Why the recitiation? Because I’ll be away from my desk for so much of today that I won’t be able to graze the meadows of blogdom as is my wont. But it’ll be OK. I have so declared it.
My ability to declare everything OK puts me in mind of the many people, both hither and yon, who are taking classes or are, heaven forbid, actually in school full-time. Even those planning on further education are on my mind. Not because I wish to join their ranks - as of right now, the idea of sitting in a lecture just isn’t toasting my crumpets. However, I do think that I’d be one hell of a lecturer. I enjoy being kissed up to and having unfettered discretion to ruin people’s lives. Furthermore, I have a pedagogic mien, a voice that demands respect and attention, and illegible handwriting. As I understand it, these are the three main areas of study at teachers’ colleges worldwide. Having rendered their curriculum superfluous, it only remains to choose a course that I should teach. Luckily, I have a wealth of useful knowledge to expound and disseminate:
* Other Uses for Your Plunger
* Making a Mess of Everything
* How to be Late
* Repressing Yourself
* What’s That Smell? (prerequisite for “Has This Gone Bad?")

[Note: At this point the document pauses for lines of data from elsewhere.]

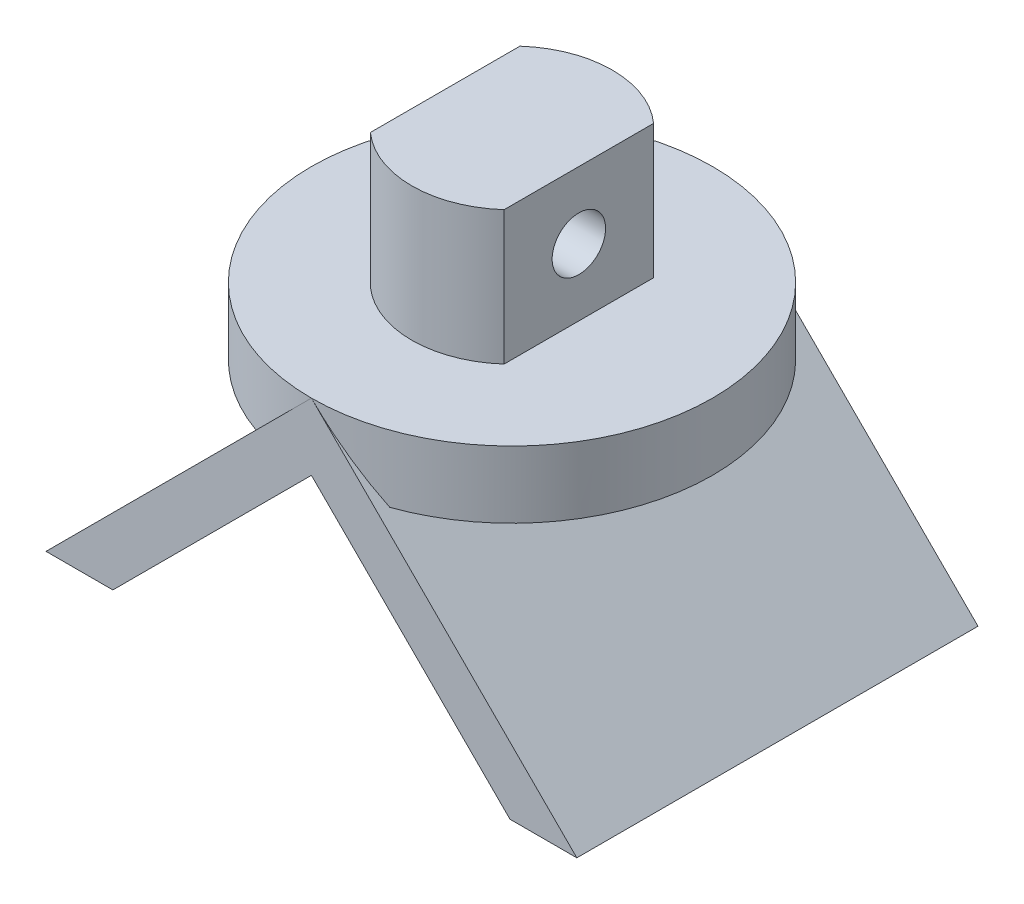
SolidWorks part; units mm, degrees
ref_plane "Plan de face" through (0, 0, 0) normal (0, 0, 1) x (1, 0, 0)
ref_plane "Plan de dessus" through (0, 0, 0) normal (0, 1, 0) x (1, 0, 0)
ref_plane "Plan de droite" through (0, 0, 0) normal (1, 0, 0) x (0, 0, -1)
sketch "Esquisse1" plane through (0, 0, 0) normal (0, 0, 1) x (1, 0, 0)
  line L0 (-14.8492, 0) -> (0, 14.8492)
  line L1 (0, 14.8492) -> (14.8492, 0)
  line L2 (14.8492, 0) -> (19.8492, 0)
  line L3 (19.8492, 0) -> (0, 19.8492)
  line L4 (0, 19.8492) -> (-19.8492, 0)
  line L5 (-19.8492, 0) -> (-14.8492, 0)
  line L6 (-14.8492, 0) -> (14.8492, 0) construction
  point P5 (0, 0)
  dimension "D1" = 5
  dimension "D2" = 21
extrude "Boss.-Extru.1" add sketch "Esquisse1" along normal blind 30
ref_plane "Plan1" through (0, 14.8492, 0) normal (0, 1, 0) x (1, 0, 0)
sketch "Esquisse2" plane through (0, 14.8492, 0) normal (0, 1, 0) x (1, 0, 0)
  line L0 (0, -30) -> (0, 0) construction
  circle A0 centre (0, -15) radius 15
  point P5 (0, -15)
extrude "Boss.-Extru.2" add sketch "Esquisse2" along normal up to vertex (5 mm away)
sketch "Esquisse5" plane through (0, 19.8492, 0) normal (0, 1, 0) x (1, 0, 0)
  line L0 (-5, -9.4098) -> (-5, -20.5902)
  line L1 (5, -9.4098) -> (5, -20.5902)
  line L2 (-5, -15) -> (5, -15) construction
  circle A0 centre (0, -15) radius 7.5
  arc A1 (0, -30) -> (0, 0) centre (0, -15) ccw construction
  point P13 (0, -15)
  dimension "D1" = 15
  dimension "D2" = 10
extrude "Boss.-Extru.3" add sketch "Esquisse5" along normal blind 10 contours L0 L2 L1 A0 | L2 L0 A0 L1
sketch "Esquisse7" plane through (-5, 0, 0) normal (-1, 0, 0) x (0, 0, 1)
  line L0 (9.4098, 19.8492) -> (20.5902, 29.8492) construction
  circle A0 centre (15, 24.8492) radius 2
  dimension "D1" = 4
extrude "Enlèv. mat.-Extru.1" cut sketch "Esquisse7" against normal blind 10
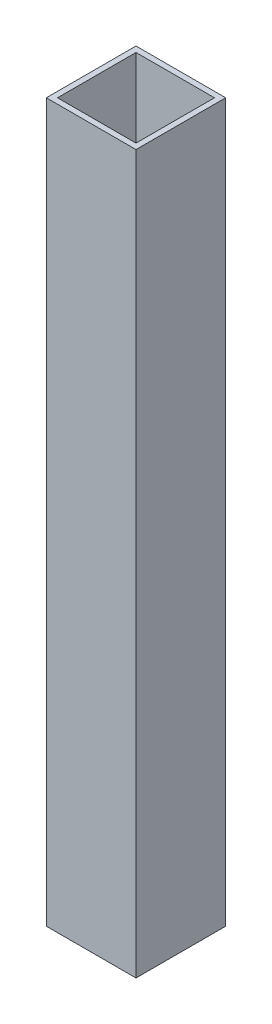
SolidWorks part; units mm, degrees
material "6061 Alloy"
ref_plane "Front Plane" through (0, 0, 0) normal (0, 0, 1) x (1, 0, 0)
ref_plane "Top Plane" through (0, 0, 0) normal (0, 1, 0) x (1, 0, 0)
ref_plane "Right Plane" through (0, 0, 0) normal (1, 0, 0) x (0, 0, -1)
sketch "Sketch1" plane through (0, 0, 0) normal (0, 1, 0) x (1, 0, 0)
  line L1 (12.7, -12.7) -> (-12.7, -12.7)
  line L2 (12.7, -12.7) -> (12.7, 12.7)
  line L3 (12.7, 12.7) -> (-12.7, 12.7)
  line L4 (-12.7, -12.7) -> (-12.7, 12.7)
  line L5 (12.7, -12.7) -> (-12.7, 12.7) construction
  line L6 (12.7, 12.7) -> (-12.7, -12.7) construction
  line L7 (11.1125, -11.1125) -> (-11.1125, -11.1125)
  line L8 (11.1125, -11.1125) -> (11.1125, 11.1125)
  line L9 (11.1125, 11.1125) -> (-11.1125, 11.1125)
  line L10 (-11.1125, -11.1125) -> (-11.1125, 11.1125)
  line L11 (11.1125, -11.1125) -> (-11.1125, 11.1125) construction
  line L12 (11.1125, 11.1125) -> (-11.1125, -11.1125) construction
  point P0 (0, 0)
  point P6 (0, 0)
  dimension "D1" = 25.4
  dimension "D2" = 25.4
  dimension "D3" = 1.5875
extrude "Boss-Extrude1" add sketch "Sketch1" along normal blind 203.2

* The Exploding Ego and the Withered Id
* Spacing Out (advanced)
* Ingratiating Yourself (prerequisite: Shmoozing)
* Sugary Snacks: An Overview
* Things You Can Do with Toothpicks and Pipecleaners
* Practical Self-Abuse
* The Underware Drawer: Mysteries Revealed
* Getting Out of Stuff
* Gluing Your Fingers Together
* Favorite Bulges of Western Civilization
* Introductory Poking
* Wander Aimlessly - Today!
* Living Comfortably on $30,000 a Day
* Gibberish
* Pizza Delivery Explained
* Towelling Off
* How to Lose Your Keys
* Spicing Up Your Fantasy Life
Registration begins immediately. Bribes are cheerfully accepted, but I promise nothing. Lots of nothing. See you all again soon.